From the listing below, copy only the lines from the line that contains "#1=APPLICATION_CONTEXT('core data for" to the line that contains "#5=PRODUCT_RELATED_PRODUCT_CATEGORY('part','',(#4));", counting those two lines as part of the copy.

#### DATA FOR ANALYSIS ####

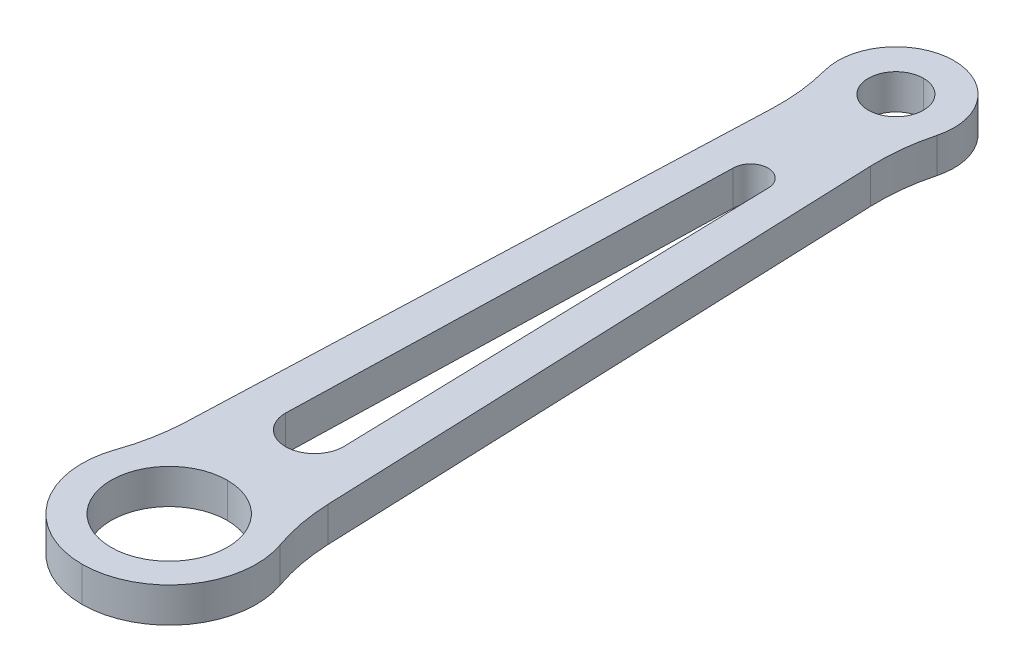
ISO-10303-21;
HEADER;
FILE_DESCRIPTION(('STEP AP214'),'2;1');
FILE_NAME('part.step','',(''),(''),'','','');
FILE_SCHEMA(('AUTOMOTIVE_DESIGN { 1 0 10303 214 1 1 1 1 }'));
ENDSEC;
DATA;
#1=APPLICATION_CONTEXT('core data for automotive mechanical design processes');
#2=APPLICATION_PROTOCOL_DEFINITION('international standard','automotive_design',2000,#1);
#3=PRODUCT_CONTEXT('',#1,'mechanical');
#4=PRODUCT('Part','Part','',(#3));
#5=PRODUCT_RELATED_PRODUCT_CATEGORY('part','',(#4));
#6=PRODUCT_DEFINITION_FORMATION('','',#4);
#7=PRODUCT_DEFINITION_CONTEXT('part definition',#1,'design');
#8=PRODUCT_DEFINITION('design','',#6,#7);
#9=PRODUCT_DEFINITION_SHAPE('','',#8);
#10=(LENGTH_UNIT() NAMED_UNIT(*) SI_UNIT(.MILLI.,.METRE.));
#11=(NAMED_UNIT(*) PLANE_ANGLE_UNIT() SI_UNIT($,.RADIAN.));
#12=(NAMED_UNIT(*) SI_UNIT($,.STERADIAN.) SOLID_ANGLE_UNIT());
#13=UNCERTAINTY_MEASURE_WITH_UNIT(LENGTH_MEASURE(1.E-05),#10,'distance_accuracy_value','');
#14=(GEOMETRIC_REPRESENTATION_CONTEXT(3) GLOBAL_UNCERTAINTY_ASSIGNED_CONTEXT((#13)) GLOBAL_UNIT_ASSIGNED_CONTEXT((#10,
#11,#12)) REPRESENTATION_CONTEXT('',''));
#15=CARTESIAN_POINT('',(0.,0.,0.));
#16=DIRECTION('',(0.,0.,1.));
#17=DIRECTION('',(1.,0.,0.));
#18=AXIS2_PLACEMENT_3D('',#15,#16,#17);
#19=CARTESIAN_POINT('',(0.,-13.,0.));
#20=DIRECTION('',(0.,1.,0.));
#21=DIRECTION('',(0.,0.,1.));
#22=AXIS2_PLACEMENT_3D('',#19,#20,#21);
#23=CYLINDRICAL_SURFACE('',#22,30.);
#24=CARTESIAN_POINT('',(0.,0.,0.));
#25=DIRECTION('',(0.,1.,0.));
#26=DIRECTION('',(0.,0.,1.));
#27=AXIS2_PLACEMENT_3D('',#24,#25,#26);
#28=CIRCLE('',#27,30.);
#29=CARTESIAN_POINT('',(-28.3278152506677,0.,-9.87597504675045));
#30=VERTEX_POINT('',#29);
#31=CARTESIAN_POINT('',(0.,0.,30.));
#32=VERTEX_POINT('',#31);
#33=EDGE_CURVE('E11',#30,#32,#28,.T.);
#34=ORIENTED_EDGE('',*,*,#33,.T.);
#35=DIRECTION('',(0.,1.,0.));
#36=VECTOR('',#35,1.);
#37=CARTESIAN_POINT('',(0.,-13.,30.));
#38=LINE('',#37,#36);
#39=CARTESIAN_POINT('',(0.,12.,30.));
#40=VERTEX_POINT('',#39);
#41=EDGE_CURVE('E28',#32,#40,#38,.T.);
#42=ORIENTED_EDGE('',*,*,#41,.T.);
#43=CARTESIAN_POINT('',(0.,12.,0.));
#44=DIRECTION('',(0.,1.,0.));
#45=DIRECTION('',(0.,0.,1.));
#46=AXIS2_PLACEMENT_3D('',#43,#44,#45);
#47=CIRCLE('',#46,30.);
#48=CARTESIAN_POINT('',(-28.3278152506677,12.,-9.87597504675045));
#49=VERTEX_POINT('',#48);
#50=EDGE_CURVE('E279',#49,#40,#47,.T.);
#51=ORIENTED_EDGE('',*,*,#50,.F.);
#52=DIRECTION('',(0.,1.,0.));
#53=VECTOR('',#52,1.);
#54=CARTESIAN_POINT('',(-28.3278152506677,-13.,-9.87597504675045));
#55=LINE('',#54,#53);
#56=EDGE_CURVE('E345',#30,#49,#55,.T.);
#57=ORIENTED_EDGE('',*,*,#56,.F.);
#58=EDGE_LOOP('',(#34,#42,#51,#57));
#59=FACE_BOUND('',#58,.T.);
#60=ADVANCED_FACE('F17',(#59),#23,.T.);
#61=CARTESIAN_POINT('',(0.,-13.,-50.));
#62=DIRECTION('',(0.,1.,0.));
#63=DIRECTION('',(0.,0.,1.));
#64=AXIS2_PLACEMENT_3D('',#61,#62,#63);
#65=CYLINDRICAL_SURFACE('',#64,10.);
#66=CARTESIAN_POINT('',(0.,0.,-50.));
#67=DIRECTION('',(0.,1.,0.));
#68=DIRECTION('',(0.,0.,1.));
#69=AXIS2_PLACEMENT_3D('',#66,#67,#68);
#70=CIRCLE('',#69,10.);
#71=CARTESIAN_POINT('',(0.,0.,-40.));
#72=VERTEX_POINT('',#71);
#73=CARTESIAN_POINT('',(10.,0.,-50.));
#74=VERTEX_POINT('',#73);
#75=EDGE_CURVE('E296',#72,#74,#70,.T.);
#76=ORIENTED_EDGE('',*,*,#75,.F.);
#77=DIRECTION('',(0.,1.,0.));
#78=VECTOR('',#77,1.);
#79=CARTESIAN_POINT('',(0.,-13.,-40.));
#80=LINE('',#79,#78);
#81=CARTESIAN_POINT('',(0.,12.,-40.));
#82=VERTEX_POINT('',#81);
#83=EDGE_CURVE('E266',#72,#82,#80,.T.);
#84=ORIENTED_EDGE('',*,*,#83,.T.);
#85=CARTESIAN_POINT('',(0.,12.,-50.));
#86=DIRECTION('',(0.,1.,0.));
#87=DIRECTION('',(0.,0.,1.));
#88=AXIS2_PLACEMENT_3D('',#85,#86,#87);
#89=CIRCLE('',#88,10.);
#90=CARTESIAN_POINT('',(10.,12.,-50.));
#91=VERTEX_POINT('',#90);
#92=EDGE_CURVE('E270',#82,#91,#89,.T.);
#93=ORIENTED_EDGE('',*,*,#92,.T.);
#94=DIRECTION('',(0.,1.,0.));
#95=VECTOR('',#94,1.);
#96=CARTESIAN_POINT('',(10.,-13.,-50.));
#97=LINE('',#96,#95);
#98=EDGE_CURVE('E289',#74,#91,#97,.T.);
#99=ORIENTED_EDGE('',*,*,#98,.F.);
#100=EDGE_LOOP('',(#76,#84,#93,#99));
#101=FACE_BOUND('',#100,.T.);
#102=ADVANCED_FACE('F430',(#101),#65,.F.);
#103=CARTESIAN_POINT('',(0.,-13.,0.));
#104=DIRECTION('',(0.,1.,0.));
#105=DIRECTION('',(0.,0.,1.));
#106=AXIS2_PLACEMENT_3D('',#103,#104,#105);
#107=CYLINDRICAL_SURFACE('',#106,19.9999971966483);
#108=CARTESIAN_POINT('',(0.,0.,0.));
#109=DIRECTION('',(0.,1.,0.));
#110=DIRECTION('',(0.,0.,1.));
#111=AXIS2_PLACEMENT_3D('',#108,#109,#110);
#112=CIRCLE('',#111,19.9999971966483);
#113=CARTESIAN_POINT('',(0.,0.,-19.9999971966483));
#114=VERTEX_POINT('',#113);
#115=CARTESIAN_POINT('',(0.,0.,19.9999971966483));
#116=VERTEX_POINT('',#115);
#117=EDGE_CURVE('E339',#114,#116,#112,.T.);
#118=ORIENTED_EDGE('',*,*,#117,.F.);
#119=DIRECTION('',(0.,1.,0.));
#120=VECTOR('',#119,1.);
#121=CARTESIAN_POINT('',(0.,-13.,-19.9999971966483));
#122=LINE('',#121,#120);
#123=CARTESIAN_POINT('',(0.,12.,-19.9999971966483));
#124=VERTEX_POINT('',#123);
#125=EDGE_CURVE('E283',#114,#124,#122,.T.);
#126=ORIENTED_EDGE('',*,*,#125,.T.);
#127=CARTESIAN_POINT('',(0.,12.,0.));
#128=DIRECTION('',(0.,1.,0.));
#129=DIRECTION('',(0.,0.,1.));
#130=AXIS2_PLACEMENT_3D('',#127,#128,#129);
#131=CIRCLE('',#130,19.9999971966483);
#132=CARTESIAN_POINT('',(0.,12.,19.9999971966483));
#133=VERTEX_POINT('',#132);
#134=EDGE_CURVE('E260',#124,#133,#131,.T.);
#135=ORIENTED_EDGE('',*,*,#134,.T.);
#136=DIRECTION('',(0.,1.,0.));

####

* FINAL ANSWER *
#1=APPLICATION_CONTEXT('core data for automotive mechanical design processes');
#2=APPLICATION_PROTOCOL_DEFINITION('international standard','automotive_design',2000,#1);
#3=PRODUCT_CONTEXT('',#1,'mechanical');
#4=PRODUCT('Part','Part','',(#3));
#5=PRODUCT_RELATED_PRODUCT_CATEGORY('part','',(#4));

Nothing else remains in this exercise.